The comparison carries significant weight. Hamilton’s partnership with Peter Bonnington — universally known as Bono — was a cornerstone of his dominant Mercedes era across 12 seasons and seven world titles. When Hamilton moved to Ferrari in 2025, that relationship ended, and his first year at Maranello was difficult by his own admission.

His initial Ferrari pairing was with Riccardo Adami, the engineer who had worked closely with Hamilton’s predecessor Carlos Sainz. Hamilton was measured in his assessment of that arrangement. “Adami and I had a really good relationship, he was a lovely guy, we worked relatively well together,” he said ahead of the Monaco Grand Prix. “But catering to a driver’s needs takes time to learn.”

For 2026, Hamilton began working with Santi, who served as Kimi Räikkönen’s race engineer during the late 2010s. The early results have been encouraging, with Hamilton sitting just three points behind team-mate Charles Leclerc in the standings. Ferrari has also brought in Cedric Michel-Grosjean, meaning Santi will not be present at every round, but he is in the garage in Monaco this weekend.

Hamilton was candid about what makes the new dynamic work. “With me and Bono, apart from the beginning, he had a good working relationship with Michael [Schumacher],” he said. “I do feel like Carlo is like my Italian Bono. He’s a bit of an OG. He’s an older guy that’s been around the block. He’s very calm — you can hear it on the radio.
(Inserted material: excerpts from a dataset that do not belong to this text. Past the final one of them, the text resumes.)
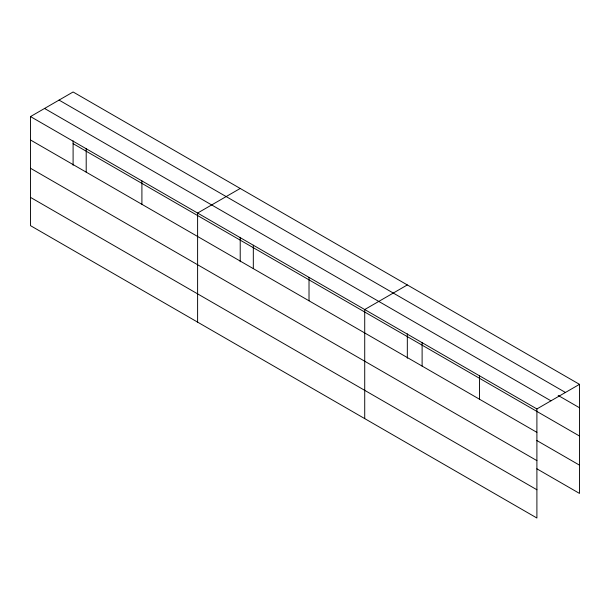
<?xml version="1.0" encoding="UTF-8"?>
<svg xmlns="http://www.w3.org/2000/svg" width="610" height="610" viewBox="0 0 610 610"><rect width="100%" height="100%" fill="white"/><g stroke="black" fill="none" stroke-linecap="round" stroke-linejoin="round"><path stroke-width="0.91" d="M30.5 116.579L536.899 408.944L536.899 518.02L30.5 225.654L30.5 116.579L73.101 91.98L579.5 384.346L579.5 493.421L536.869 468.808M240.218 188.459L197.609 213.058L197.609 322.133M407.327 284.939L364.719 309.537L364.719 418.62M536.899 408.944L579.5 384.346M59.048 100.093L565.439 392.459M558.18 395.455L579.5 407.762M44.56 108.458L550.952 400.823M73.101 143.663L579.5 436.028M30.5 139.995L536.899 432.36M536.869 440.542L579.5 465.155M30.5 168.261L536.899 460.626M30.5 197.388L536.899 489.754M479.506 375.806L479.506 399.222M422.112 342.675L422.112 366.091M407.327 333.8L407.327 358.238M309.018 277.375L309.018 300.791M253.318 245.22L253.318 268.636M240.218 237.32L240.218 261.751M141.909 180.895L141.909 204.312M86.201 148.733L86.201 172.15M73.101 140.834L73.101 165.272"/></g></svg>
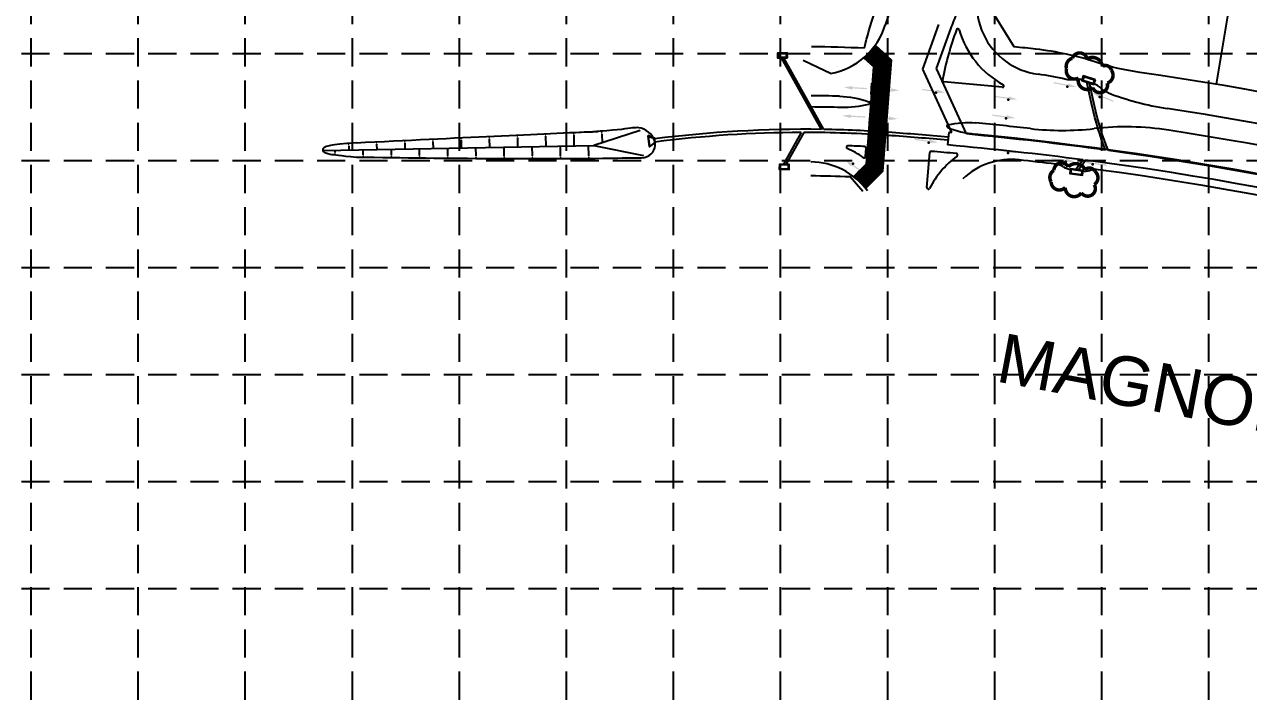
# Model space of a CAD drawing. Header units: feet. Extents: x 6037 to 11520, y 4436 to 7866.
# Drawn here: x 7918 to 8896, y 5126 to 5661 of the extents above; entities that cross this region are included whole.
import ezdxf
from ezdxf.enums import TextEntityAlignment as Align

# ---------------------------------------------------------------- set-up
doc = ezdxf.new("R2010")
doc.units = ezdxf.units.FT
doc.header["$LTSCALE"] = 0.4
doc.header["$MEASUREMENT"] = 0
doc.linetypes.add('DASHED2', pattern=[0.375, 0.25, -0.125])
doc.linetypes.add('HIDDEN', pattern=[0.375, 0.25, -0.125])
for name, color, linetype in [('1 STREET NAMES', 7, 'Continuous'), ('BASE', 7, 'Continuous'), ('grid', 254, 'HIDDEN'), ('LOTLINE', 7, 'Continuous'), ('PAVING', 7, 'Continuous'), ('ROW', 7, 'Continuous'), ('STORM', 7, 'Continuous'), ('STORM INLET', 7, 'Continuous')]:
    doc.layers.add(name, color=color, linetype=linetype)
doc.styles.get("Standard").update_dxf_attribs({"font": 'ARIAL.TTF'})

msp = doc.modelspace()

# ---------------------------------------------------------------- hatches: boundary and pattern name
at = {"layer": 'PAVING', "linetype": 'Continuous', "lineweight": 30}
h = msp.add_hatch(color=256, dxfattribs=at)
edge = h.paths.add_edge_path()
edge.add_line((8751.47, 5613.49), (8751.95, 5612.7))
edge.add_line((8751.95, 5612.7), (8740.25, 5614.95))
edge.add_line((8740.25, 5614.95), (8740.07, 5614))
edge.add_line((8740.07, 5614), (8751.77, 5611.75))
edge.add_line((8751.77, 5611.75), (8751.07, 5611.31))
edge.add_line((8751.07, 5611.31), (8751.07, 5611.31))
edge.add_ellipse((8751.65, 5611.14), major_axis=(-0.619, 0.119), ratio=0.285714, start_angle=342.81733, end_angle=484.72693)
edge.add_line((8751.97, 5610.93), (8751.97, 5610.93))
edge.add_line((8751.97, 5610.93), (8758.55, 5610.97))
edge.add_line((8758.55, 5610.97), (8752.47, 5613.49))
edge.add_line((8752.47, 5613.49), (8752.47, 5613.49))
edge.add_ellipse((8752.08, 5613.42), major_axis=(-0.619, 0.119), ratio=0.285714, start_angle=234.16847, end_angle=374.49672)
edge.add_line((8751.47, 5613.49), (8751.47, 5613.49))
edge.add_line((8751.47, 5613.49), (8751.47, 5613.49))
h = msp.add_hatch(color=256, dxfattribs=at)
edge = h.paths.add_edge_path()
edge.add_line((8579.86, 5611.44), (8579.22, 5610.91))
edge.add_line((8579.22, 5610.91), (8591.11, 5610.22))
edge.add_line((8591.11, 5610.22), (8591.05, 5609.26))
edge.add_line((8591.05, 5609.26), (8579.16, 5609.95))
edge.add_line((8579.16, 5609.95), (8579.74, 5609.23))
edge.add_line((8579.74, 5609.23), (8579.74, 5609.23))
edge.add_ellipse((8579.13, 5609.22), major_axis=(0.629, -0.037), ratio=0.285714, start_angle=-125.83153, end_angle=14.49672, ccw=False)
edge.add_line((8578.75, 5609.09), (8578.76, 5609.1))
edge.add_line((8578.76, 5609.1), (8572.4, 5610.79))
edge.add_line((8572.4, 5610.79), (8578.91, 5611.7))
edge.add_line((8578.91, 5611.7), (8578.91, 5611.7))
edge.add_ellipse((8579.26, 5611.53), major_axis=(0.629, -0.037), ratio=0.285714, start_angle=-17.18267, end_angle=124.72693, ccw=False)
edge.add_line((8579.86, 5611.44), (8579.86, 5611.44))
edge.add_line((8579.86, 5611.44), (8579.86, 5611.44))
edge.add_line((8579.86, 5611.44), (8579.86, 5611.44))
h = msp.add_hatch(color=256, dxfattribs=at)
edge = h.paths.add_edge_path()
edge.add_line((8609.61, 5609.76), (8610.19, 5609.16))
edge.add_line((8610.19, 5609.16), (8598.3, 5609.82))
edge.add_line((8598.3, 5609.82), (8598.24, 5608.85))
edge.add_line((8598.24, 5608.85), (8610.13, 5608.2))
edge.add_line((8610.13, 5608.2), (8609.48, 5607.55))
edge.add_line((8609.48, 5607.55), (8609.48, 5607.55))
edge.add_ellipse((8610.08, 5607.47), major_axis=(-0.629, 0.035), ratio=0.285714, start_angle=345.50328, end_angle=485.83153)
edge.add_line((8610.45, 5607.3), (8610.44, 5607.3))
edge.add_line((8610.44, 5607.3), (8616.95, 5608.28))
edge.add_line((8616.95, 5608.28), (8610.58, 5609.91))
edge.add_line((8610.58, 5609.91), (8610.58, 5609.91))
edge.add_ellipse((8610.22, 5609.78), major_axis=(-0.629, 0.035), ratio=0.285714, start_angle=235.27307, end_angle=377.18267)
edge.add_line((8609.61, 5609.76), (8609.61, 5609.76))
edge.add_line((8609.61, 5609.76), (8609.61, 5609.76))
edge.add_line((8609.61, 5609.76), (8609.61, 5609.76))
h = msp.add_hatch(color=256, dxfattribs=at)
edge = h.paths.add_edge_path()
edge.add_line((8646.51, 5608.68), (8647.04, 5607.93))
edge.add_line((8647.04, 5607.93), (8635.23, 5609.45))
edge.add_line((8635.23, 5609.45), (8635.11, 5608.49))
edge.add_line((8635.11, 5608.49), (8646.91, 5606.97))
edge.add_line((8646.91, 5606.97), (8646.24, 5606.49))
edge.add_line((8646.24, 5606.49), (8646.24, 5606.48))
edge.add_ellipse((8646.83, 5606.36), major_axis=(-0.625, 0.081), ratio=0.285714, start_angle=342.81733, end_angle=484.72693)
edge.add_line((8647.17, 5606.16), (8647.17, 5606.16))
edge.add_line((8647.17, 5606.16), (8653.73, 5606.61))
edge.add_line((8653.73, 5606.61), (8647.51, 5608.75))
edge.add_line((8647.51, 5608.75), (8647.51, 5608.75))
edge.add_ellipse((8647.12, 5608.65), major_axis=(-0.625, 0.081), ratio=0.285714, start_angle=234.16847, end_angle=374.49672)
edge.add_line((8646.51, 5608.68), (8646.51, 5608.68))
edge.add_line((8646.51, 5608.68), (8646.51, 5608.68))
h = msp.add_hatch(color=256, dxfattribs=at)
edge = h.paths.add_edge_path()
edge.add_line((8704.08, 5603.22), (8704.6, 5602.46))
edge.add_line((8704.6, 5602.46), (8692.79, 5603.98))
edge.add_line((8692.79, 5603.98), (8692.67, 5603.02))
edge.add_line((8692.67, 5603.02), (8704.48, 5601.5))
edge.add_line((8704.48, 5601.5), (8703.81, 5601.02))
edge.add_line((8703.81, 5601.02), (8703.81, 5601.02))
edge.add_ellipse((8704.4, 5600.89), major_axis=(-0.625, 0.081), ratio=0.285714, start_angle=342.81733, end_angle=484.72693)
edge.add_line((8704.74, 5600.7), (8704.73, 5600.7))
edge.add_line((8704.73, 5600.7), (8711.29, 5601.14))
edge.add_line((8711.29, 5601.14), (8705.07, 5603.28))
edge.add_line((8705.07, 5603.28), (8705.07, 5603.28))
edge.add_ellipse((8704.69, 5603.18), major_axis=(-0.625, 0.081), ratio=0.285714, start_angle=234.16847, end_angle=374.49672)
edge.add_line((8704.08, 5603.22), (8704.08, 5603.22))
edge.add_line((8704.08, 5603.22), (8704.08, 5603.22))
at = {"layer": 'PAVING', "linetype": 'Continuous', "lineweight": 30, "extrusion": (0, 0, -1)}
h = msp.add_hatch(color=256, dxfattribs=at)
edge = h.paths.add_edge_path()
edge.add_line((-8777.87, 5604.97), (-8777.04, 5604.57))
edge.add_line((-8777.04, 5604.57), (-8788.06, 5600.05))
edge.add_line((-8788.06, 5600.05), (-8787.69, 5599.16))
edge.add_line((-8787.69, 5599.16), (-8776.67, 5603.68))
edge.add_line((-8776.67, 5603.68), (-8777.02, 5602.93))
edge.add_line((-8777.02, 5602.93), (-8777.02, 5602.93))
edge.add_ellipse((-8776.44, 5603.11), major_axis=(-0.583, -0.239), ratio=0.285714, start_angle=342.81733, end_angle=484.72693)
edge.add_line((-8776.05, 5603.1), (-8776.05, 5603.1))
edge.add_line((-8776.05, 5603.1), (-8770.57, 5606.74))
edge.add_line((-8770.57, 5606.74), (-8777.04, 5605.52))
edge.add_line((-8777.04, 5605.52), (-8777.04, 5605.52))
edge.add_ellipse((-8777.32, 5605.24), major_axis=(-0.583, -0.239), ratio=0.285714, start_angle=234.16847, end_angle=374.49672)
edge.add_line((-8777.87, 5604.97), (-8777.87, 5604.97))
edge.add_line((-8777.87, 5604.97), (-8777.87, 5604.97))
at = {"layer": 'PAVING', "linetype": 'Continuous', "lineweight": 30}
h = msp.add_hatch(color=256, dxfattribs=at)
edge = h.paths.add_edge_path()
edge.add_line((8578.61, 5588.71), (8577.97, 5588.19))
edge.add_line((8577.97, 5588.19), (8589.86, 5587.5))
edge.add_line((8589.86, 5587.5), (8589.8, 5586.53))
edge.add_line((8589.8, 5586.53), (8577.92, 5587.22))
edge.add_line((8577.92, 5587.22), (8578.49, 5586.5))
edge.add_line((8578.49, 5586.5), (8578.49, 5586.5))
edge.add_ellipse((8577.88, 5586.49), major_axis=(0.629, -0.037), ratio=0.285714, start_angle=-125.83153, end_angle=14.49672, ccw=False)
edge.add_line((8577.51, 5586.37), (8577.51, 5586.37))
edge.add_line((8577.51, 5586.37), (8571.15, 5588.07))
edge.add_line((8571.15, 5588.07), (8577.66, 5588.97))
edge.add_line((8577.66, 5588.97), (8577.66, 5588.97))
edge.add_ellipse((8578.01, 5588.8), major_axis=(0.629, -0.037), ratio=0.285714, start_angle=-17.18267, end_angle=124.72693, ccw=False)
edge.add_line((8578.61, 5588.71), (8578.61, 5588.71))
edge.add_line((8578.61, 5588.71), (8578.61, 5588.71))
edge.add_line((8578.61, 5588.71), (8578.61, 5588.71))
h = msp.add_hatch(color=256, dxfattribs=at)
edge = h.paths.add_edge_path()
edge.add_line((8608.37, 5587.03), (8608.94, 5586.44))
edge.add_line((8608.94, 5586.44), (8597.05, 5587.09))
edge.add_line((8597.05, 5587.09), (8596.99, 5586.12))
edge.add_line((8596.99, 5586.12), (8608.89, 5585.47))
edge.add_line((8608.89, 5585.47), (8608.23, 5584.82))
edge.add_line((8608.23, 5584.82), (8608.23, 5584.82))
edge.add_ellipse((8608.84, 5584.74), major_axis=(-0.629, 0.035), ratio=0.285714, start_angle=345.50328, end_angle=485.83153)
edge.add_line((8609.2, 5584.58), (8609.2, 5584.58))
edge.add_line((8609.2, 5584.58), (8615.71, 5585.55))
edge.add_line((8615.71, 5585.55), (8609.33, 5587.18))
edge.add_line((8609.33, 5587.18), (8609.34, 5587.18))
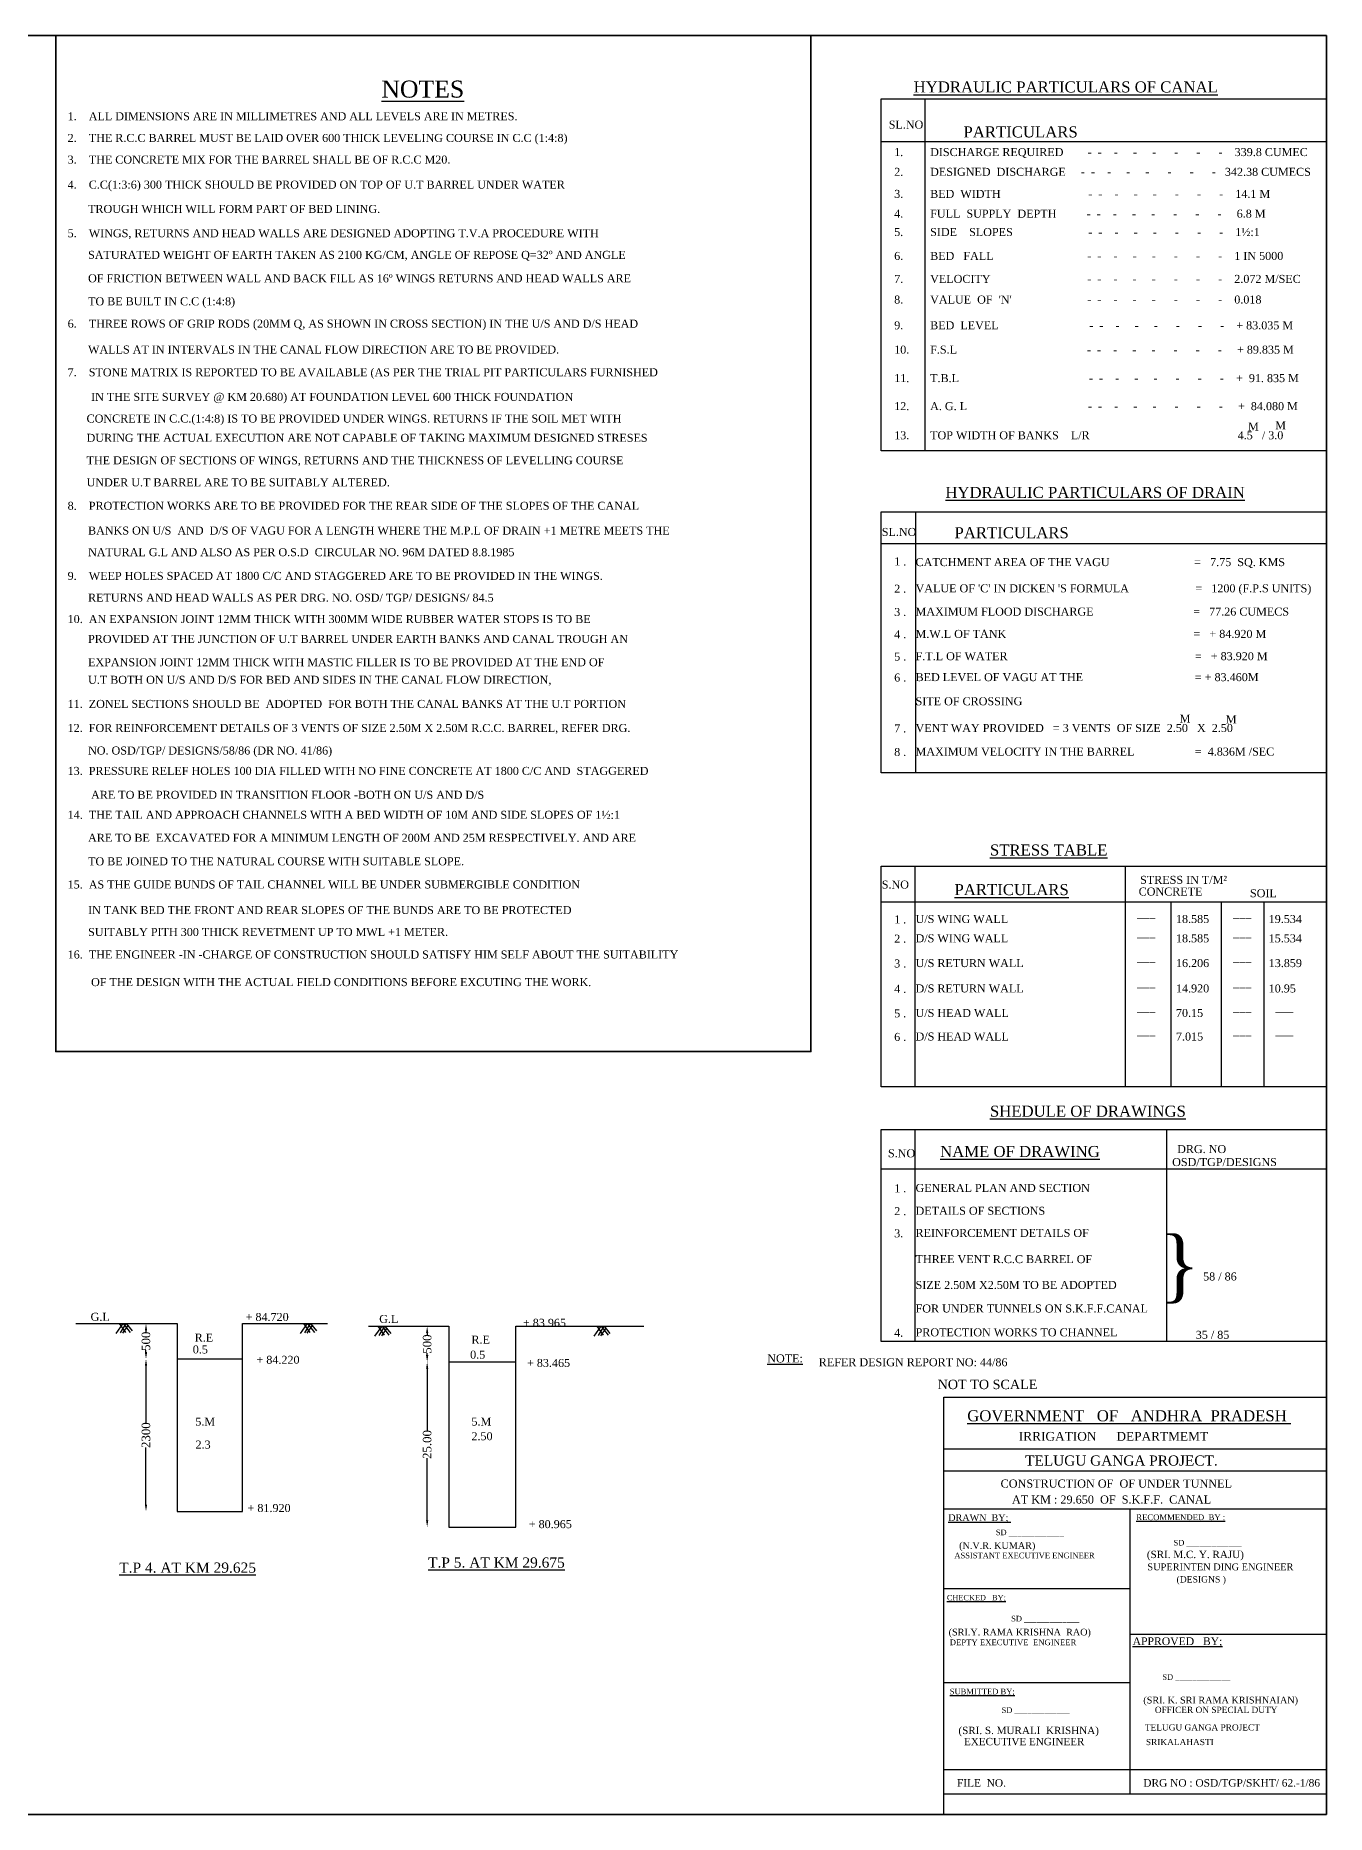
# Model space of a CAD drawing. Header units: millimetres. Extents: x -109570 to 262268, y -246061 to 108364.
# Drawn here: x 186452 to 262268, y 3749 to 108246 of the extents above; entities that cross this region are included whole.
import ezdxf

# ---------------------------------------------------------------- set-up
doc = ezdxf.new("R2010")
doc.units = ezdxf.units.MM
doc.header["$MEASUREMENT"] = 0
doc.header["$PDMODE"] = 33
doc.header["$PDSIZE"] = 500
for name, color, linetype in [('DIM', 5, 'Continuous'), ('DWG. LINE', 1, 'Continuous'), ('HATCH', 2, 'Continuous'), ('RAILING', 4, 'Continuous'), ('TEXT', 7, 'Continuous'), ('TITLE', 7, 'Continuous')]:
    doc.layers.add(name, color=color, linetype=linetype)
doc.styles.get("Standard").update_dxf_attribs({"font": 'TIMES.TTF', "height": 500})
doc.dimstyles.get("Standard").update_dxf_attribs({"dimtxt": 500, "dimasz": 400, "dimexe": 0.18, "dimexo": 0.0625, "dimgap": 0.09, "dimtad": 0, "dimdec": 0, "dimzin": 0, "dimdsep": 46, "dimtxsty": 'Standard', "dimcen": 0.09, "dimse1": 1, "dimse2": 1, "dimclrd": 5, "dimclre": 5, "dimclrt": 4, "dimadec": 0, "dimazin": 0, "dimtfac": 1, "dimtdec": 0, "dimtofl": 0, "dimtmove": 0, "dimatfit": 3, "dimfxl": 1, "dimtolj": 1, "dimtzin": 0, "dimarcsym": 0})

# ---------------------------------------------------------------- blocks, each defined once
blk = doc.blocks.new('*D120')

The detail that we’re able to go into together, our understanding of the engineering side, I think it’s something that’s worth looking at.”

Hamilton also reflected on the complexity of the driver-engineer relationship more broadly, explaining that translating physical sensations into actionable technical feedback is a skill that takes time to develop on both sides. “You try to describe what it is, the problem you have, corner by corner — entry, middle, exit — or you dissect it into five sections if you want,” he said. “Having that driver-engineer collab, it’s hit and miss sometimes.”

The 2026 regulation overhaul, which Hamilton had long pointed to as a potential reset for his Ferrari career, appears to have provided exactly that. After a difficult debut season in which he regularly acknowledged the time needed to adapt, the early rounds of 2026 suggest the pieces are beginning to fall into place.